If Hargreaves Lansdown is sold to a private equity business, or businesses, it will become the latest FTSE 100 firm to de-list from the index in favour of private ownership.

As a result, its shares will no longer be available to the public for purchase and trading.

If that occurs, the story would not just illustrate private equity interest in UK PLC, but also underline the malaise gripping the UK’s capital markets, which have struggled to display the compelling valuations on offer in the US and certain emerging markets.

Fund managers, investors, and businesses alike have complained about UK company valuations. This has led some firms to relist in more favourable markets, or simply to ignore the UK as a flotation location altogether.

In September last year, Cambridge-based chip designer Arm Holdings rejected London as a listing opportunity in favour of a place on the the Nasdaq.
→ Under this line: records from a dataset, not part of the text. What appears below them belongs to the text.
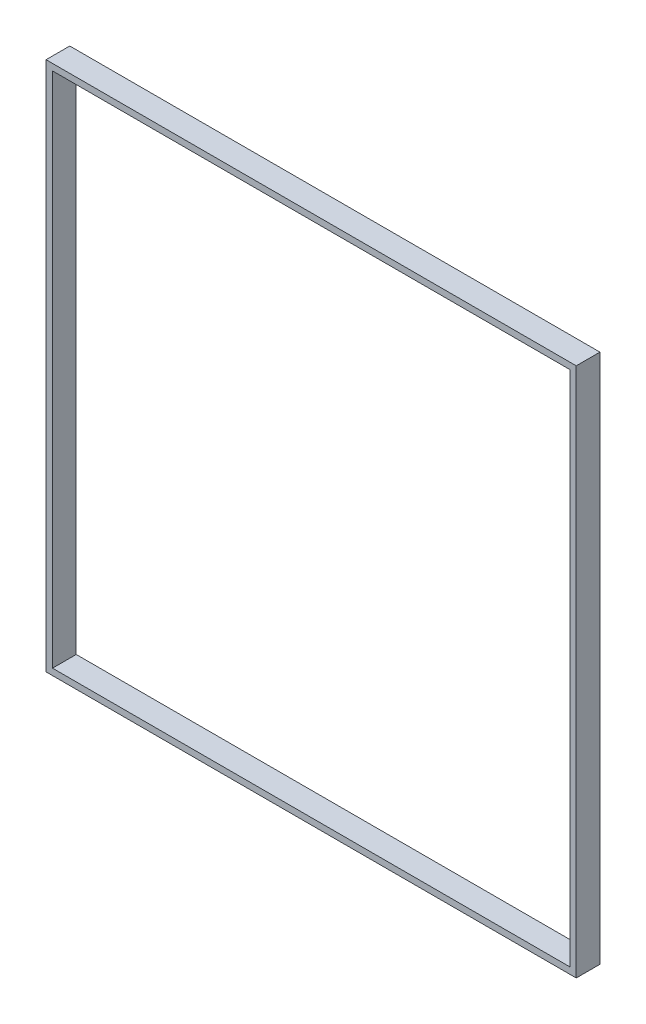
ISO-10303-21;
HEADER;
FILE_DESCRIPTION(('STEP AP214'),'2;1');
FILE_NAME('part.step','',(''),(''),'','','');
FILE_SCHEMA(('AUTOMOTIVE_DESIGN { 1 0 10303 214 1 1 1 1 }'));
ENDSEC;
DATA;
#1=APPLICATION_CONTEXT('core data for automotive mechanical design processes');
#2=APPLICATION_PROTOCOL_DEFINITION('international standard','automotive_design',2000,#1);
#3=PRODUCT_CONTEXT('',#1,'mechanical');
#4=PRODUCT('Part','Part','',(#3));
#5=PRODUCT_RELATED_PRODUCT_CATEGORY('part','',(#4));
#6=PRODUCT_DEFINITION_FORMATION('','',#4);
#7=PRODUCT_DEFINITION_CONTEXT('part definition',#1,'design');
#8=PRODUCT_DEFINITION('design','',#6,#7);
#9=PRODUCT_DEFINITION_SHAPE('','',#8);
#10=(LENGTH_UNIT() NAMED_UNIT(*) SI_UNIT(.MILLI.,.METRE.));
#11=(NAMED_UNIT(*) PLANE_ANGLE_UNIT() SI_UNIT($,.RADIAN.));
#12=(NAMED_UNIT(*) SI_UNIT($,.STERADIAN.) SOLID_ANGLE_UNIT());
#13=UNCERTAINTY_MEASURE_WITH_UNIT(LENGTH_MEASURE(1.E-05),#10,'distance_accuracy_value','');
#14=(GEOMETRIC_REPRESENTATION_CONTEXT(3) GLOBAL_UNCERTAINTY_ASSIGNED_CONTEXT((#13)) GLOBAL_UNIT_ASSIGNED_CONTEXT((#10,
#11,#12)) REPRESENTATION_CONTEXT('',''));
#15=CARTESIAN_POINT('',(0.,0.,0.));
#16=DIRECTION('',(0.,0.,1.));
#17=DIRECTION('',(1.,0.,0.));
#18=AXIS2_PLACEMENT_3D('',#15,#16,#17);
#19=CARTESIAN_POINT('',(-1562.1,-1562.1,139.7));
#20=DIRECTION('',(0.,0.,1.));
#21=DIRECTION('',(1.,0.,0.));
#22=AXIS2_PLACEMENT_3D('',#19,#20,#21);
#23=PLANE('',#22);
#24=DIRECTION('',(0.,-1.,0.));
#25=VECTOR('',#24,1.);
#26=CARTESIAN_POINT('',(-1562.1,1562.1,139.7));
#27=LINE('',#26,#25);
#28=CARTESIAN_POINT('',(-1562.1,1562.1,139.7));
#29=VERTEX_POINT('',#28);
#30=CARTESIAN_POINT('',(-1562.1,-1562.1,139.7));
#31=VERTEX_POINT('',#30);
#32=EDGE_CURVE('E139',#29,#31,#27,.T.);
#33=ORIENTED_EDGE('',*,*,#32,.T.);
#34=DIRECTION('',(1.,0.,0.));
#35=VECTOR('',#34,1.);
#36=CARTESIAN_POINT('',(-1562.1,-1562.1,139.7));
#37=LINE('',#36,#35);
#38=CARTESIAN_POINT('',(1562.1,-1562.1,139.7));
#39=VERTEX_POINT('',#38);
#40=EDGE_CURVE('E142',#31,#39,#37,.T.);
#41=ORIENTED_EDGE('',*,*,#40,.T.);
#42=DIRECTION('',(0.,1.,0.));
#43=VECTOR('',#42,1.);
#44=CARTESIAN_POINT('',(1562.1,1562.1,139.7));
#45=LINE('',#44,#43);
#46=CARTESIAN_POINT('',(1562.1,1562.1,139.7));
#47=VERTEX_POINT('',#46);
#48=EDGE_CURVE('E144',#39,#47,#45,.T.);
#49=ORIENTED_EDGE('',*,*,#48,.T.);
#50=DIRECTION('',(-1.,0.,0.));
#51=VECTOR('',#50,1.);
#52=CARTESIAN_POINT('',(-1562.1,1562.1,139.7));
#53=LINE('',#52,#51);
#54=EDGE_CURVE('E146',#47,#29,#53,.T.);
#55=ORIENTED_EDGE('',*,*,#54,.T.);
#56=EDGE_LOOP('',(#33,#41,#49,#55));
#57=FACE_BOUND('',#56,.T.);
#58=DIRECTION('',(1.,0.,0.));
#59=VECTOR('',#58,1.);
#60=CARTESIAN_POINT('',(-1524.,-1524.,139.7));
#61=LINE('',#60,#59);
#62=CARTESIAN_POINT('',(-1524.,-1524.,139.7));
#63=VERTEX_POINT('',#62);
#64=CARTESIAN_POINT('',(1524.,-1524.,139.7));
#65=VERTEX_POINT('',#64);
#66=EDGE_CURVE('E121',#63,#65,#61,.T.);
#67=ORIENTED_EDGE('',*,*,#66,.F.);
#68=DIRECTION('',(0.,-1.,0.));
#69=VECTOR('',#68,1.);
#70=CARTESIAN_POINT('',(-1524.,1524.,139.7));
#71=LINE('',#70,#69);
#72=CARTESIAN_POINT('',(-1524.,1524.,139.7));
#73=VERTEX_POINT('',#72);
#74=EDGE_CURVE('E110',#73,#63,#71,.T.);
#75=ORIENTED_EDGE('',*,*,#74,.F.);
#76=DIRECTION('',(-1.,0.,0.));
#77=VECTOR('',#76,1.);
#78=CARTESIAN_POINT('',(-1524.,1524.,139.7));
#79=LINE('',#78,#77);
#80=CARTESIAN_POINT('',(1524.,1524.,139.7));
#81=VERTEX_POINT('',#80);
#82=EDGE_CURVE('E125',#81,#73,#79,.T.);
#83=ORIENTED_EDGE('',*,*,#82,.F.);
#84=DIRECTION('',(0.,1.,0.));
#85=VECTOR('',#84,1.);
#86=CARTESIAN_POINT('',(1524.,1524.,139.7));
#87=LINE('',#86,#85);
#88=EDGE_CURVE('E123',#65,#81,#87,.T.);
#89=ORIENTED_EDGE('',*,*,#88,.F.);
#90=EDGE_LOOP('',(#67,#75,#83,#89));
#91=FACE_BOUND('',#90,.T.);
#92=ADVANCED_FACE('F30',(#57,#91),#23,.T.);
#93=CARTESIAN_POINT('',(-1562.1,-1562.1,0.));
#94=DIRECTION('',(0.,0.,1.));
#95=DIRECTION('',(1.,0.,0.));
#96=AXIS2_PLACEMENT_3D('',#93,#94,#95);
#97=PLANE('',#96);
#98=DIRECTION('',(0.,-1.,0.));
#99=VECTOR('',#98,1.);
#100=CARTESIAN_POINT('',(-1562.1,1562.1,0.));
#101=LINE('',#100,#99);
#102=CARTESIAN_POINT('',(-1562.1,1562.1,0.));
#103=VERTEX_POINT('',#102);
#104=CARTESIAN_POINT('',(-1562.1,-1562.1,0.));
#105=VERTEX_POINT('',#104);
#106=EDGE_CURVE('E111',#103,#105,#101,.T.);
#107=ORIENTED_EDGE('',*,*,#106,.F.);
#108=DIRECTION('',(-1.,0.,0.));
#109=VECTOR('',#108,1.);
#110=CARTESIAN_POINT('',(-1562.1,1562.1,0.));
#111=LINE('',#110,#109);
#112=CARTESIAN_POINT('',(1562.1,1562.1,0.));
#113=VERTEX_POINT('',#112);
#114=EDGE_CURVE('E137',#113,#103,#111,.T.);
#115=ORIENTED_EDGE('',*,*,#114,.F.);
#116=DIRECTION('',(0.,1.,0.));
#117=VECTOR('',#116,1.);
#118=CARTESIAN_POINT('',(1562.1,1562.1,0.));
#119=LINE('',#118,#117);
#120=CARTESIAN_POINT('',(1562.1,-1562.1,0.));
#121=VERTEX_POINT('',#120);
#122=EDGE_CURVE('E135',#121,#113,#119,.T.);
#123=ORIENTED_EDGE('',*,*,#122,.F.);
#124=DIRECTION('',(1.,0.,0.));
#125=VECTOR('',#124,1.);
#126=CARTESIAN_POINT('',(-1562.1,-1562.1,0.));
#127=LINE('',#126,#125);
#128=EDGE_CURVE('E133',#105,#121,#127,.T.);
#129=ORIENTED_EDGE('',*,*,#128,.F.);
#130=EDGE_LOOP('',(#107,#115,#123,#129));
#131=FACE_BOUND('',#130,.T.);
#132=DIRECTION('',(0.,-1.,0.));
#133=VECTOR('',#132,1.);
#134=CARTESIAN_POINT('',(-1524.,1524.,0.));
#135=LINE('',#134,#133);
#136=CARTESIAN_POINT('',(-1524.,1524.,0.));
#137=VERTEX_POINT('',#136);
#138=CARTESIAN_POINT('',(-1524.,-1524.,0.));
#139=VERTEX_POINT('',#138);
#140=EDGE_CURVE('E53',#137,#139,#135,.T.);
#141=ORIENTED_EDGE('',*,*,#140,.T.);
#142=DIRECTION('',(1.,0.,0.));
#143=VECTOR('',#142,1.);
#144=CARTESIAN_POINT('',(-1524.,-1524.,0.));
#145=LINE('',#144,#143);
#146=CARTESIAN_POINT('',(1524.,-1524.,0.));
#147=VERTEX_POINT('',#146);
#148=EDGE_CURVE('E97',#139,#147,#145,.T.);
#149=ORIENTED_EDGE('',*,*,#148,.T.);
#150=DIRECTION('',(0.,1.,0.));
#151=VECTOR('',#150,1.);
#152=CARTESIAN_POINT('',(1524.,1524.,0.));
#153=LINE('',#152,#151);
#154=CARTESIAN_POINT('',(1524.,1524.,0.));
#155=VERTEX_POINT('',#154);
#156=EDGE_CURVE('E106',#147,#155,#153,.T.);
#157=ORIENTED_EDGE('',*,*,#156,.T.);
#158=DIRECTION('',(-1.,0.,0.));
#159=VECTOR('',#158,1.);
#160=CARTESIAN_POINT('',(-1524.,1524.,0.));
#161=LINE('',#160,#159);
#162=EDGE_CURVE('E115',#155,#137,#161,.T.);
#163=ORIENTED_EDGE('',*,*,#162,.T.);
#164=EDGE_LOOP('',(#141,#149,#157,#163));
#165=FACE_BOUND('',#164,.T.);
#166=ADVANCED_FACE('F114',(#131,#165),#97,.F.);
#167=CARTESIAN_POINT('',(-1562.1,1562.1,139.7));
#168=DIRECTION('',(1.,0.,0.));
#169=DIRECTION('',(0.,1.,0.));
#170=AXIS2_PLACEMENT_3D('',#167,#168,#169);
#171=PLANE('',#170);
#172=ORIENTED_EDGE('',*,*,#106,.T.);
#173=DIRECTION('',(0.,0.,-1.));
#174=VECTOR('',#173,1.);
#175=CARTESIAN_POINT('',(-1562.1,-1562.1,139.7));
#176=LINE('',#175,#174);
#177=EDGE_CURVE('E11',#31,#105,#176,.T.);
#178=ORIENTED_EDGE('',*,*,#177,.F.);
#179=ORIENTED_EDGE('',*,*,#32,.F.);
#180=DIRECTION('',(0.,0.,-1.));
#181=VECTOR('',#180,1.);
#182=CARTESIAN_POINT('',(-1562.1,1562.1,139.7));
#183=LINE('',#182,#181);
#184=EDGE_CURVE('E148',#29,#103,#183,.T.);
#185=ORIENTED_EDGE('',*,*,#184,.T.);
#186=EDGE_LOOP('',(#172,#178,#179,#185));
#187=FACE_BOUND('',#186,.T.);
#188=ADVANCED_FACE('F32',(#187),#171,.F.);
#189=CARTESIAN_POINT('',(-1562.1,-1562.1,139.7));
#190=DIRECTION('',(0.,1.,0.));
#191=DIRECTION('',(0.,0.,1.));
#192=AXIS2_PLACEMENT_3D('',#189,#190,#191);
#193=PLANE('',#192);
#194=ORIENTED_EDGE('',*,*,#128,.T.);
#195=DIRECTION('',(0.,0.,-1.));
#196=VECTOR('',#195,1.);
#197=CARTESIAN_POINT('',(1562.1,-1562.1,139.7));
#198=LINE('',#197,#196);
#199=EDGE_CURVE('E38',#39,#121,#198,.T.);
#200=ORIENTED_EDGE('',*,*,#199,.F.);
#201=ORIENTED_EDGE('',*,*,#40,.F.);
#202=ORIENTED_EDGE('',*,*,#177,.T.);
#203=EDGE_LOOP('',(#194,#200,#201,#202));
#204=FACE_BOUND('',#203,.T.);
#205=ADVANCED_FACE('F173',(#204),#193,.F.);
#206=CARTESIAN_POINT('',(1562.1,1562.1,139.7));
#207=DIRECTION('',(-1.,0.,0.));
#208=DIRECTION('',(0.,-1.,0.));
#209=AXIS2_PLACEMENT_3D('',#206,#207,#208);
#210=PLANE('',#209);
#211=ORIENTED_EDGE('',*,*,#122,.T.);
#212=DIRECTION('',(0.,0.,-1.));
#213=VECTOR('',#212,1.);
#214=CARTESIAN_POINT('',(1562.1,1562.1,139.7));
#215=LINE('',#214,#213);
#216=EDGE_CURVE('E151',#47,#113,#215,.T.);
#217=ORIENTED_EDGE('',*,*,#216,.F.);
#218=ORIENTED_EDGE('',*,*,#48,.F.);
#219=ORIENTED_EDGE('',*,*,#199,.T.);
#220=EDGE_LOOP('',(#211,#217,#218,#219));
#221=FACE_BOUND('',#220,.T.);
#222=ADVANCED_FACE('F158',(#221),#210,.F.);
#223=CARTESIAN_POINT('',(-1562.1,1562.1,139.7));
#224=DIRECTION('',(0.,-1.,0.));
#225=DIRECTION('',(0.,0.,-1.));
#226=AXIS2_PLACEMENT_3D('',#223,#224,#225);
#227=PLANE('',#226);
#228=ORIENTED_EDGE('',*,*,#114,.T.);
#229=ORIENTED_EDGE('',*,*,#184,.F.);
#230=ORIENTED_EDGE('',*,*,#54,.F.);
#231=ORIENTED_EDGE('',*,*,#216,.T.);
#232=EDGE_LOOP('',(#228,#229,#230,#231));
#233=FACE_BOUND('',#232,.T.);
#234=ADVANCED_FACE('F166',(#233),#227,.F.);
#235=CARTESIAN_POINT('',(-1524.,1524.,139.7));
#236=DIRECTION('',(1.,0.,0.));
#237=DIRECTION('',(0.,1.,0.));
#238=AXIS2_PLACEMENT_3D('',#235,#236,#237);
#239=PLANE('',#238);
#240=ORIENTED_EDGE('',*,*,#140,.F.);
#241=DIRECTION('',(0.,0.,-1.));
#242=VECTOR('',#241,1.);
#243=CARTESIAN_POINT('',(-1524.,1524.,139.7));
#244=LINE('',#243,#242);
#245=EDGE_CURVE('E127',#73,#137,#244,.T.);
#246=ORIENTED_EDGE('',*,*,#245,.F.);
#247=ORIENTED_EDGE('',*,*,#74,.T.);
#248=DIRECTION('',(0.,0.,-1.));
#249=VECTOR('',#248,1.);
#250=CARTESIAN_POINT('',(-1524.,-1524.,139.7));
#251=LINE('',#250,#249);
#252=EDGE_CURVE('E99',#63,#139,#251,.T.);
#253=ORIENTED_EDGE('',*,*,#252,.T.);
#254=EDGE_LOOP('',(#240,#246,#247,#253));
#255=FACE_BOUND('',#254,.T.);
#256=ADVANCED_FACE('F108',(#255),#239,.T.);
#257=CARTESIAN_POINT('',(-1524.,-1524.,139.7));
#258=DIRECTION('',(0.,1.,0.));
#259=DIRECTION('',(0.,0.,1.));
#260=AXIS2_PLACEMENT_3D('',#257,#258,#259);
#261=PLANE('',#260);
#262=ORIENTED_EDGE('',*,*,#148,.F.);
#263=ORIENTED_EDGE('',*,*,#252,.F.);
#264=ORIENTED_EDGE('',*,*,#66,.T.);
#265=DIRECTION('',(0.,0.,-1.));
#266=VECTOR('',#265,1.);
#267=CARTESIAN_POINT('',(1524.,-1524.,139.7));
#268=LINE('',#267,#266);
#269=EDGE_CURVE('E102',#65,#147,#268,.T.);
#270=ORIENTED_EDGE('',*,*,#269,.T.);
#271=EDGE_LOOP('',(#262,#263,#264,#270));
#272=FACE_BOUND('',#271,.T.);
#273=ADVANCED_FACE('F98',(#272),#261,.T.);
#274=CARTESIAN_POINT('',(1524.,1524.,139.7));
#275=DIRECTION('',(-1.,0.,0.));
#276=DIRECTION('',(0.,-1.,0.));
#277=AXIS2_PLACEMENT_3D('',#274,#275,#276);
#278=PLANE('',#277);
#279=ORIENTED_EDGE('',*,*,#156,.F.);
#280=ORIENTED_EDGE('',*,*,#269,.F.);
#281=ORIENTED_EDGE('',*,*,#88,.T.);
#282=DIRECTION('',(0.,0.,-1.));
#283=VECTOR('',#282,1.);
#284=CARTESIAN_POINT('',(1524.,1524.,139.7));
#285=LINE('',#284,#283);
#286=EDGE_CURVE('E45',#81,#155,#285,.T.);
#287=ORIENTED_EDGE('',*,*,#286,.T.);
#288=EDGE_LOOP('',(#279,#280,#281,#287));
#289=FACE_BOUND('',#288,.T.);
#290=ADVANCED_FACE('F195',(#289),#278,.T.);
#291=CARTESIAN_POINT('',(-1524.,1524.,139.7));
#292=DIRECTION('',(0.,-1.,0.));
#293=DIRECTION('',(0.,0.,-1.));
#294=AXIS2_PLACEMENT_3D('',#291,#292,#293);
#295=PLANE('',#294);
#296=ORIENTED_EDGE('',*,*,#162,.F.);
#297=ORIENTED_EDGE('',*,*,#286,.F.);
#298=ORIENTED_EDGE('',*,*,#82,.T.);
#299=ORIENTED_EDGE('',*,*,#245,.T.);
#300=EDGE_LOOP('',(#296,#297,#298,#299));
#301=FACE_BOUND('',#300,.T.);
#302=ADVANCED_FACE('F200',(#301),#295,.T.);
#303=CLOSED_SHELL('',(#92,#166,#188,#205,#222,#234,#256,#273,#290,#302));
#304=MANIFOLD_SOLID_BREP('B2',#303);
#305=ADVANCED_BREP_SHAPE_REPRESENTATION('',(#18,#304),#14);
#306=SHAPE_DEFINITION_REPRESENTATION(#9,#305);
ENDSEC;
END-ISO-10303-21;

It shares have since prospered.

Betting firm Flutter also ditched its primary London listing in favour of New York, while the cyber security giant Darktrace, which floated in London 2021, accepted a US private equity bid in April this year.

Christian Kent, managing director of Houlihan Lokey, says the Hargreaves deal underscores the so-called “valuation disconnect” for wealth managers working with both public and private markets.

“With over 25 private equity-backed wealth management firms in the UK, this move isn’t surprising,” he told Morningstar.

“Over time, we expect to see further consolidation among these firms. With robust private equity backing, HL could emerge as a pivotal player in this consolidation through M&A activities.”